Although CRISPR-based gene drives have the potential to solve a lot of problems, many scientists and members of the public have voiced valid concerns over their use. In fact, many have concerns about whether humans should alter natural ecosystems at all. Releasing any genetically-modified organism into wild populations must be done responsibly, carefully considering potential ecological impacts.

For instance, a gene drive that would eradicate an entire mosquito population in a given area may disrupt the ecosystem in unforeseen ways. While an alternative is to render the disease vector immune to the pathogen, there are also concerns surrounding the impact of this change; by eliminating one pathogen, does this simply provide an empty niche for other - potentially worse - pathogens to evolve?

Pilot projects of gene drives in wild populations have been confined to island populations that cannot easily escape. However, if the technology were to be used on larger continents, there would be no easy method to prevent organisms containing gene drives from crossing country borders.

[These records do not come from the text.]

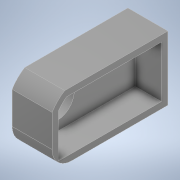
# Autodesk Inventor part: Tilt_Lid
Saved by Autodesk Inventor 2022 (Build 260153000, 153)
## iProperties
Created: 2021-03-07
Part Number: Tilt_Lid
Material: Generic
Document SubType Name: Modeling
Designer: Mlees
Density: 1 g/cm^3
Appearance: Default
Sending System: SolidWorks 2018
Last Author: DELL
Last Saved: 2021-03-08
Nomenclature: 96_Teeth_Gear
Part Number: 96_Teeth_Gear
Source: NOT_KNOWN
Definition: UNKNOWN
Author: Mlees
Revision Number: ANY
Autodesk Inventor part; units mm, degrees
ref_plane "YZ Plane" through (0, 0, 0) normal (1, 0, 0) x (0, 1, 0)
ref_plane "XZ Plane" through (0, 0, 0) normal (0, 1, 0) x (-1, 0, 0)
ref_plane "Work Plane1" through (-5, 30, -18.0278) normal (1, 0, 0) x (0, 0, 1)
sketch "Sketch2" plane through (-5, 30, -18.0278) normal (1, 0, 0) x (0, 0, 1)
  arc A0 (36.0555, 0) -> (48.0278, 11.9722) centre (18.0278, 30) ccw projected
  line L0 (48.0278, 11.9722) -> (48.0278, 48.0278) projected
  arc A1 (36.0555, 0) -> (48.0278, 11.9722) centre (18.0278, 30) ccw
  line L1 (48.0278, 48.0278) -> (48.0278, 11.9722)
  arc A2 (48.0278, 48.0278) -> (36.0555, 60) centre (18.0278, 30) ccw projected
  line L2 (48.0278, 48.0278) -> (48.0278, 60)
  line L3 (48.0278, 60) -> (-61.9722, 60)
  line L4 (-61.9722, 60) -> (-61.9722, 0)
  line L5 (0, 0) -> (36.0555, 0) projected
  line L6 (-61.9722, 0) -> (0, 0)
  line L7 (0, 0) -> (36.0555, 0)
  constraints: 12 end point, 3 perpendicular, 2 point on circle, 2 vertical, 1 centre point, 1 collinear
extrude "Extrusion1" add sketch "Sketch2" along normal blind 26 and the other way blind 2
sketch "Sketch4" plane through (-7, -30, -80) normal (0, -1, 0) x (1, 0, 0)
  line L0 (28, 110) -> (28, 0) projected
  line L1 (0, 0) -> (0, 110) projected
  line L2 (28, 110) -> (0, 110)
  line L3 (0, 110) -> (0, 0)
  line L4 (0, 0) -> (28, 0)
  line L5 (28, 0) -> (28, 110)
  point P0 (7, 80)
  constraints: 8 end point, 2 parallel, 1 horizontal, 1 perpendicular
extrude "Extrusion3" add sketch "Sketch4" along normal blind 1.028
sketch "Sketch5" plane through (21, 30, -18.0278) normal (1, 0, 0) x (0, 0, -1)
  arc A0 (-36.0555, 0) -> (-48.0278, -11.9722) centre (-18.0278, -30) ccw projected
  line L0 (-48.0278, -11.9722) -> (-48.0278, -61.028) projected
  line L1 (-48.0278, -11.9722) -> (-48.0278, -61.028)
  line L2 (61.9722, 0) -> (61.9722, -61.028) projected
  line L3 (-48.0278, -61.028) -> (61.9722, -61.028)
  line L4 (61.9722, -61.028) -> (61.9722, 0)
  line L5 (-36.0555, 0) -> (61.9722, 0) projected
  line L6 (61.9722, 0) -> (-36.0555, 0)
  arc A1 (-36.0555, 0) -> (-48.0278, -11.9722) centre (-18.0278, -30) ccw
  line L7 (55.9722, -55.028) -> (-42.0278, -55.028)
  line L8 (-42.0278, -55.028) -> (-42.0278, -13.7212)
  arc A2 (-34.3066, -6) -> (-42.0278, -13.7212) centre (-18.0278, -30) ccw
  line L9 (-34.3066, -6) -> (55.9722, -6)
  line L10 (55.9722, -6) -> (55.9722, -55.028)
  dimension "d11" = 6
  constraints: 16 end point, 4 perpendicular, 4 point on circle, 2 centre point, 2 collinear, 4 other
  measures "d11" distance between parallel lines of L3 L7
extrude "Extrusion4" cut sketch "Sketch5" against normal blind 25 contours L7 L8 A2 L9 L10
sketch "Sketch6" plane through (-7, 30, -80) normal (-1, 0, 0) x (0, 0, 1)
  line L0 (0, 0) -> (98.0278, 0) projected
  line L1 (0, 0) -> (98.0278, 0)
  line L2 (0, -61.028) -> (110, -61.028) projected
  line L3 (110, -11.9722) -> (110, -61.028)
  line L4 (110, -61.028) -> (0, -61.028)
  line L5 (0, 0) -> (0, -61.028) projected
  line L6 (0, -61.028) -> (0, 0)
  line L7 (110, -11.9722) -> (110, -61.028) projected
  arc A0 (110, -11.9722) -> (98.0278, 0) centre (80, -30) ccw
  point P0 (80, -30)
  constraints: 8 end point, 2 collinear, 2 point on circle, 1 centre point, 1 horizontal, 1 perpendicular
extrude "Extrusion5" add sketch "Sketch6" along normal blind 10
sketch "Sketch7" plane through (-17, 30, -80) normal (-1, 0, 0) x (0, 0, 1)
  circle A0 centre (80, -30) radius 16.05
  dimension "d16" = 32.1
  constraints: 1 centre point, 1 coincident
  measures "d16" diameter of A0
extrude "Extrusion6" cut sketch "Sketch7" against normal blind 13
fillet "Fillet1" radius 18.5 1 edges at (2, -31.028, 30)
body "Solid1"
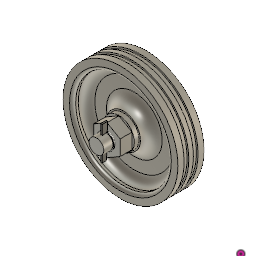
QWEQ (4) (Autodesk Fusion 360 design; units mm, degrees)
Autodesk Fusion 360 part; units mm, degrees
sketch "Sketch1" plane through (0, 0, 0) normal (1, 0, 0) x (0, 1, 0) in component "Piston"
  line L0 (50, 0) -> (190, 0)
  line L1 (175, 45) -> (85, 36)
  line L2 (175, 45) -> (175, 223)
  line L3 (175, 223) -> (151, 223)
  line L4 (151, 223) -> (151, 205)
  line L5 (151, 205) -> (133, 205)
  line L6 (133, 205) -> (133, 223)
  line L7 (133, 223) -> (115, 223)
  line L8 (115, 223) -> (115, 205)
  line L9 (115, 205) -> (97, 205)
  line L10 (97, 205) -> (97, 223)
  line L11 (97, 223) -> (73, 223)
  line L12 (73, 223) -> (73, 185)
  line L13 (85, 36) -> (85, 66)
  arc A0 (85, 66) -> (127, 108) centre (85, 108) ccw
  line L14 (127, 108) -> (127, 153)
  line L15 (73, 185) -> (95, 185)
  arc A1 (127, 153) -> (95, 185) centre (95, 153) ccw
  dimension "d10" = 38
  dimension "d14" = 32
  constraint horizontal L0
  constraint vertical L2
  constraint perpendicular L2 L3
  constraint perpendicular L3 L4
  constraint perpendicular L4 L5
  constraint perpendicular L5 L6
  constraint perpendicular L6 L7
  constraint perpendicular L5 L8
  constraint perpendicular L8 L9
  constraint perpendicular L7 L10
  constraint perpendicular L10 L11
  constraint perpendicular L11 L12
  constraint vertical L13
  constraint tangent A0 L14
  constraint vertical L14
  constraint perpendicular L14 L15
  constraint tangent L14 A1
  constraint tangent L15 A1
  measures "d10" distance of L11.end L12.end
  measures "d14" radius of A1
revolve "Revolve1" add sketch "Sketch1" angle 360 about axis through (0, 50, 0) along (0, 1, 0) makes body 1 in component "Piston"
fillet "Fillet1" radius 12 1 edges at (-172.4806, 73, 66.8989) on bodies 1 in component "Piston"
move_body "Move1" bodies 1 to x (1, 0, 0) y (0, 1, 0) z (0, 0, 1) at (0, 450, 0) in component "Piston"
sketch "Sketch1 (2)" plane through (0, 0, 0) normal (1, 0, 0) x (0, 1, 0) in component "Piston Rod"
  line L0 (350, 0) -> (350, 42)
  line L1 (350, 42) -> (300, 42)
  line L2 (300, 42) -> (300, 45)
  line L3 (300, 45) -> (210, 36)
  line L4 (210, 36) -> (210, 33)
  line L5 (210, 33) -> (141, 33)
  line L6 (141, 33) -> (141, 28.4758)
  line L7 (141, 28.4758) -> (105, 28.4758)
  line L8 (105, 28.4758) -> (105, 0)
  line L9 (105, 0) -> (350, 0)
  line L10 (360, 0) -> (90, 0)
  dimension "d22" = 36
  constraint vertical L0
  constraint perpendicular L0 L1
  constraint perpendicular L1 L2
  constraint perpendicular L4 L5
  constraint perpendicular L5 L6
  constraint perpendicular L6 L7
  constraint perpendicular L7 L8
  constraint perpendicular L0 L9
  constraint perpendicular L8 L10
  measures "d22" distance of L6.end L7.end
revolve "Revolve1'" add sketch "Sketch1 (2)" angle 360 about axis through (0, 360, 0) along (0, -1, 0) separate body makes body 2 in component "Piston Rod"
thread "Thread1" "ISO Metric profile 65.0 M65x4 6g" major diameter 64.7025 minor diameter 60.1258 pitch 4 angle 60 resizes the face on face at (1.6449, 187, 32.959) on bodies 2 in component "Piston Rod"
move_body "Move1'" bodies 2 to x (1, 0, 0) y (0, 1, 0) z (0, 0, 1) at (0, 0, -32.5) in component "Piston Rod"
sketch "Sketch2" plane through (0, 0, 0) normal (0, 0, 1) x (1, 0, 0) in component "Piston Rod"
  line L0 (3, 141) -> (3, 144)
  line L1 (3, 144) -> (-3, 144)
  line L2 (-3, 144) -> (-3, 126)
  line L3 (-3, 144) -> (15, 144) construction
  line L4 (-3, 126) -> (3, 126)
  line L5 (3, 126) -> (3, 141)
  point P0 (0, 141)
  dimension "d24" = 3
  dimension "d25" = 90
  dimension "d26" = 6
  dimension "d27" = 90
  dimension "d28" = 18
  constraint horizontal L3
  constraint perpendicular L0 L4
  measures "d24" distance of P0 L0.start
  measures "d25" angle of L0 L1
  measures "d26" distance of L0.end L1.end
  measures "d27" angle of L2 L3
  measures "d28" distance of L1.end L2.end
extrude "Extrude1" cut sketch "Sketch2" against normal blind 66 bodies 2 in component "Piston Rod"
sketch "Sketch1 (3)" plane through (0, 0, 0) normal (0, 0, 1) x (1, 0, 0) in component "Piston Ring"
  circle A0 centre (0, -500) radius 198
  circle A1 centre (0, -500) radius 216.5
  dimension "d31" = 396
  dimension "d32" = 433
  constraint concentric A0 A1
  measures "d31" diameter of A0
  measures "d32" diameter of A1
extrude "Extrude1'" add sketch "Sketch1 (3)" along normal blind 18 separate body makes body 3 in component "Piston Ring"
sketch "Sketch2 (2)" plane through (0, 0, 0) normal (0, 1, 0) x (1, 0, 0) in component "Piston Ring"
move_body "Move1''" bodies 3 to x (1, 0, 0) y (0, 1, 0) z (0, 0, 1) at (-325, 500, 0) in component "Piston Ring"
move_body "Move2" bodies 3 to x (1, 0, 0) y (0, 1, 0) z (0, 0, 1) at (-100, 216.5, 0) in component "Piston Ring"
sketch "Sketch3" plane through (0, 0, 0) normal (0, 1, 0) x (1, 0, 0) in component "Piston Ring"
  line L0 (-641.5, 0) -> (-208.5, 0)
  line L1 (-227, -18) -> (-623, -18)
  line L2 (-425, 0) -> (-415.1892, -18)
  line L3 (-415.1892, -18) -> (-407.1892, -18)
  line L4 (-425, 0) -> (-417, 0)
  line L5 (-407.1892, -18) -> (-417, 0)
  dimension "d37" = 8
  dimension "d38" = 8
  constraint midpoint L0 L2.start
  constraint coincident L1 L2.end
  constraint horizontal L3
  constraint horizontal L4
  measures "d37" distance of L2.end L3.end
  measures "d38" distance of L2.start L4.end
extrude "Extrude2" add sketch "Sketch3" against normal blind 18 separate body makes body 4 in component "Piston Ring"
extrude "Extrude3" cut 1 faces at (-419.0631, -18, 6) along direction (0, 1, 0) blind 38 on bodies 4 bodies 3 4 in component "Piston Ring"
copy_body "CopyPasteBodies1" bodies 3 makes body 5 in component "Piston Ring"
move_body "Move3" bodies 5 to x (1, 0, 0) y (0, 1, 0) z (0, 0, 1) at (-500, 0, 0) in component "Piston Ring"
copy_body "Body->Comp1" bodies 5 removing the originals makes body 6 in component "Component"
sketch "Sketch1 (4)" plane through (0, 0, 0) normal (1, 0, 0) x (0, 1, 0) in component "Cotter"
  line L0 (565, -205) -> (565, 205)
  line L1 (850, 0) -> (850, 130)
  line L2 (850, 130) -> (871, 130)
  line L3 (850, 0) -> (866.67, 0)
  line L4 (871, 130) -> (866.67, 0)
  constraint vertical L1
  constraint horizontal L2
  constraint horizontal L3
extrude "Extrude1''" add sketch "Sketch1 (4)" along normal blind 6 separate body makes body 7 in component "Cotter"
sketch "Sketch1 (5)" plane through (0, 0, 0) normal (1, 0, 0) x (0, 1, 0) in component "Piston Nut"
  circle A0 centre (1125, 0) radius 60
  dimension "d48" = 120
  measures "d48" diameter of A0
extrude "Extrude1'''" add sketch "Sketch1 (5)" along normal blind 18 separate body makes body 8 in component "Piston Nut"
sketch "Sketch2 (3)" plane through (18, 0, 0) normal (1, 0, 0) x (0, 1, 0) in component "Piston Nut"
  circle A0 centre (1125, 0) radius 60
  line L0 (1176, 29.4449) -> (1125, 58.8897)
  line L1 (1125, 58.8897) -> (1074, 29.4449)
  line L2 (1074, 29.4449) -> (1074, -29.4449)
  line L3 (1074, -29.4449) -> (1125, -58.8897)
  line L4 (1125, -58.8897) -> (1176, -29.4449)
  line L5 (1176, -29.4449) -> (1176, 29.4449)
  point P0 (1125, 0)
  dimension "d51" = 51
  constraint coincident P0 A0.centre
  measures "d51" distance of P0 L5
extrude "Extrude2'" add sketch "Sketch2 (3)" along normal blind 48 contours L0 L1 L2 L3 L4 L5 bodies 8 in component "Piston Nut"
sketch "Sketch3 (2)" plane through (66, 0, 0) normal (1, 0, 0) x (0, 1, 0) in component "Piston Nut"
  line L0 (1176, -29.4449) -> (1176, 29.4449)
  line L1 (1176, 29.4449) -> (1125, 58.8897)
  line L2 (1125, 58.8897) -> (1074, 29.4449)
  line L3 (1074, 29.4449) -> (1074, -29.4449)
  line L4 (1074, -29.4449) -> (1125, -58.8897)
  line L5 (1125, -58.8897) -> (1176, -29.4449)
  line L6 (1176, -29.4449) -> (1172.3228, -23.0758)
  circle A0 centre (1125, 0) radius 33
  dimension "d54" = 66
  constraint coincident L0.start L5.end
  constraint perpendicular L5 L6
  measures "d54" diameter of A0
extrude "Extrude3'" cut sketch "Sketch3 (2)" against normal blind 66 contours A0 bodies 8 in component "Piston Nut"
thread "Thread1'" "ISO Metric profile 65.0 M65x4 6H" major diameter 65.4462 minor diameter 60.9699 pitch 4 angle 60 resizes the face on face at (22, 1130.7304, 32.4987) on bodies 8 in component "Piston Nut"
extrude "Extrude4" cut 1 faces at (66, 1169.1617, 0) along direction (-1, 0, 0) blind 2 on bodies 8 bodies 8 in component "Piston Nut"
copy_body "Body->Comp1'" bodies 2 removing the originals makes body 9 in component "Piston Rod (1)"
copy_body "Body->Comp2" bodies 3 removing the originals makes body 10 in component "Piston Ring (1)"
copy_body "Body->Comp3" bodies 4 removing the originals in component "Piston Ring 2"
copy_body "Body->Comp1''" bodies 7 removing the originals makes body 11 in component "Cotter (1)"
copy_body "Body->Comp1'''" bodies 8 removing the originals makes body 12 in component "Piston Nut (1)"
copy_body "Body->Comp1''''" bodies 1 removing the originals makes body 13 in component "Piston (1)"
component "Piston" placed x (1, 0, 0) y (0, 1, 0) z (0, 0, 1) at (0, 0, 0)
component "Piston Rod" placed x (1, 0, 0) y (0, 1, 0) z (0, 0, 1) at (0, 325, 32.5) in component "Piston"
component "Piston (1)" placed x (1, 0, 0) y (0, 1, 0) z (0, 0, 1) at (0, 0, 0) in component "Piston"
component "Piston Ring" placed x (1, 0, 0) y (0, 0, 1) z (0, -1, 0) at (425, 240, -249) in component "Piston Rod"
component "Piston Rod (1)" placed x (1, 0, 0) y (0, 1, 0) z (0, 0, 1) at (0, 0, 0) in component "Piston Rod"
component "Component" placed x (1, 0, 0) y (0, 1, 0) z (0, 0, 1) at (500, 0, -36) in component "Piston Ring"
component "Cotter" placed x (1, 0, 0) y (0, 0, -1) z (0, 1, 0) at (-428, 151.5, 965.5) in component "Piston Ring"
component "Piston Ring (1)" placed x (1, 0, 0) y (0, 1, 0) z (0, 0, 1) at (0, 0, 0) in component "Piston Ring"
component "Piston Ring 2" placed x (1, 0, 0) y (0, 1, 0) z (0, 0, 1) at (0, 0, 0) in component "Piston Ring"
component "Piston Nut" placed x (0, -1, 0) y (1, 0, 0) z (0, 0, 1) at (-1122, 935.5, 65) in component "Cotter"
component "Cotter (1)" placed x (1, 0, 0) y (0, 1, 0) z (0, 0, 1) at (0, 0, 0) in component "Cotter"
component "Piston Nut (1)" placed x (1, 0, 0) y (0, 1, 0) z (0, 0, 1) at (0, 0, 0) in component "Piston Nut"

Due to the potential negative outcomes and ethical issues associated with the use of gene drives in wild populations, there has been a significant amount of research focusing on the control and reversal of gene drives. A key example is the development of confinable split gene drives, in which Cas9 is inserted at one location in the genome, while the other genetic element/s are inserted to a different location. These drives have been suggested to be safer and more suitable for release.

Self-exhausting, ‘daisy-chain’ drives have also been developed with CRISPR technology. These drives are fast-acting but transient, with elements successively lost over time to control the spread, meaning they do not indefinitely drive an allele.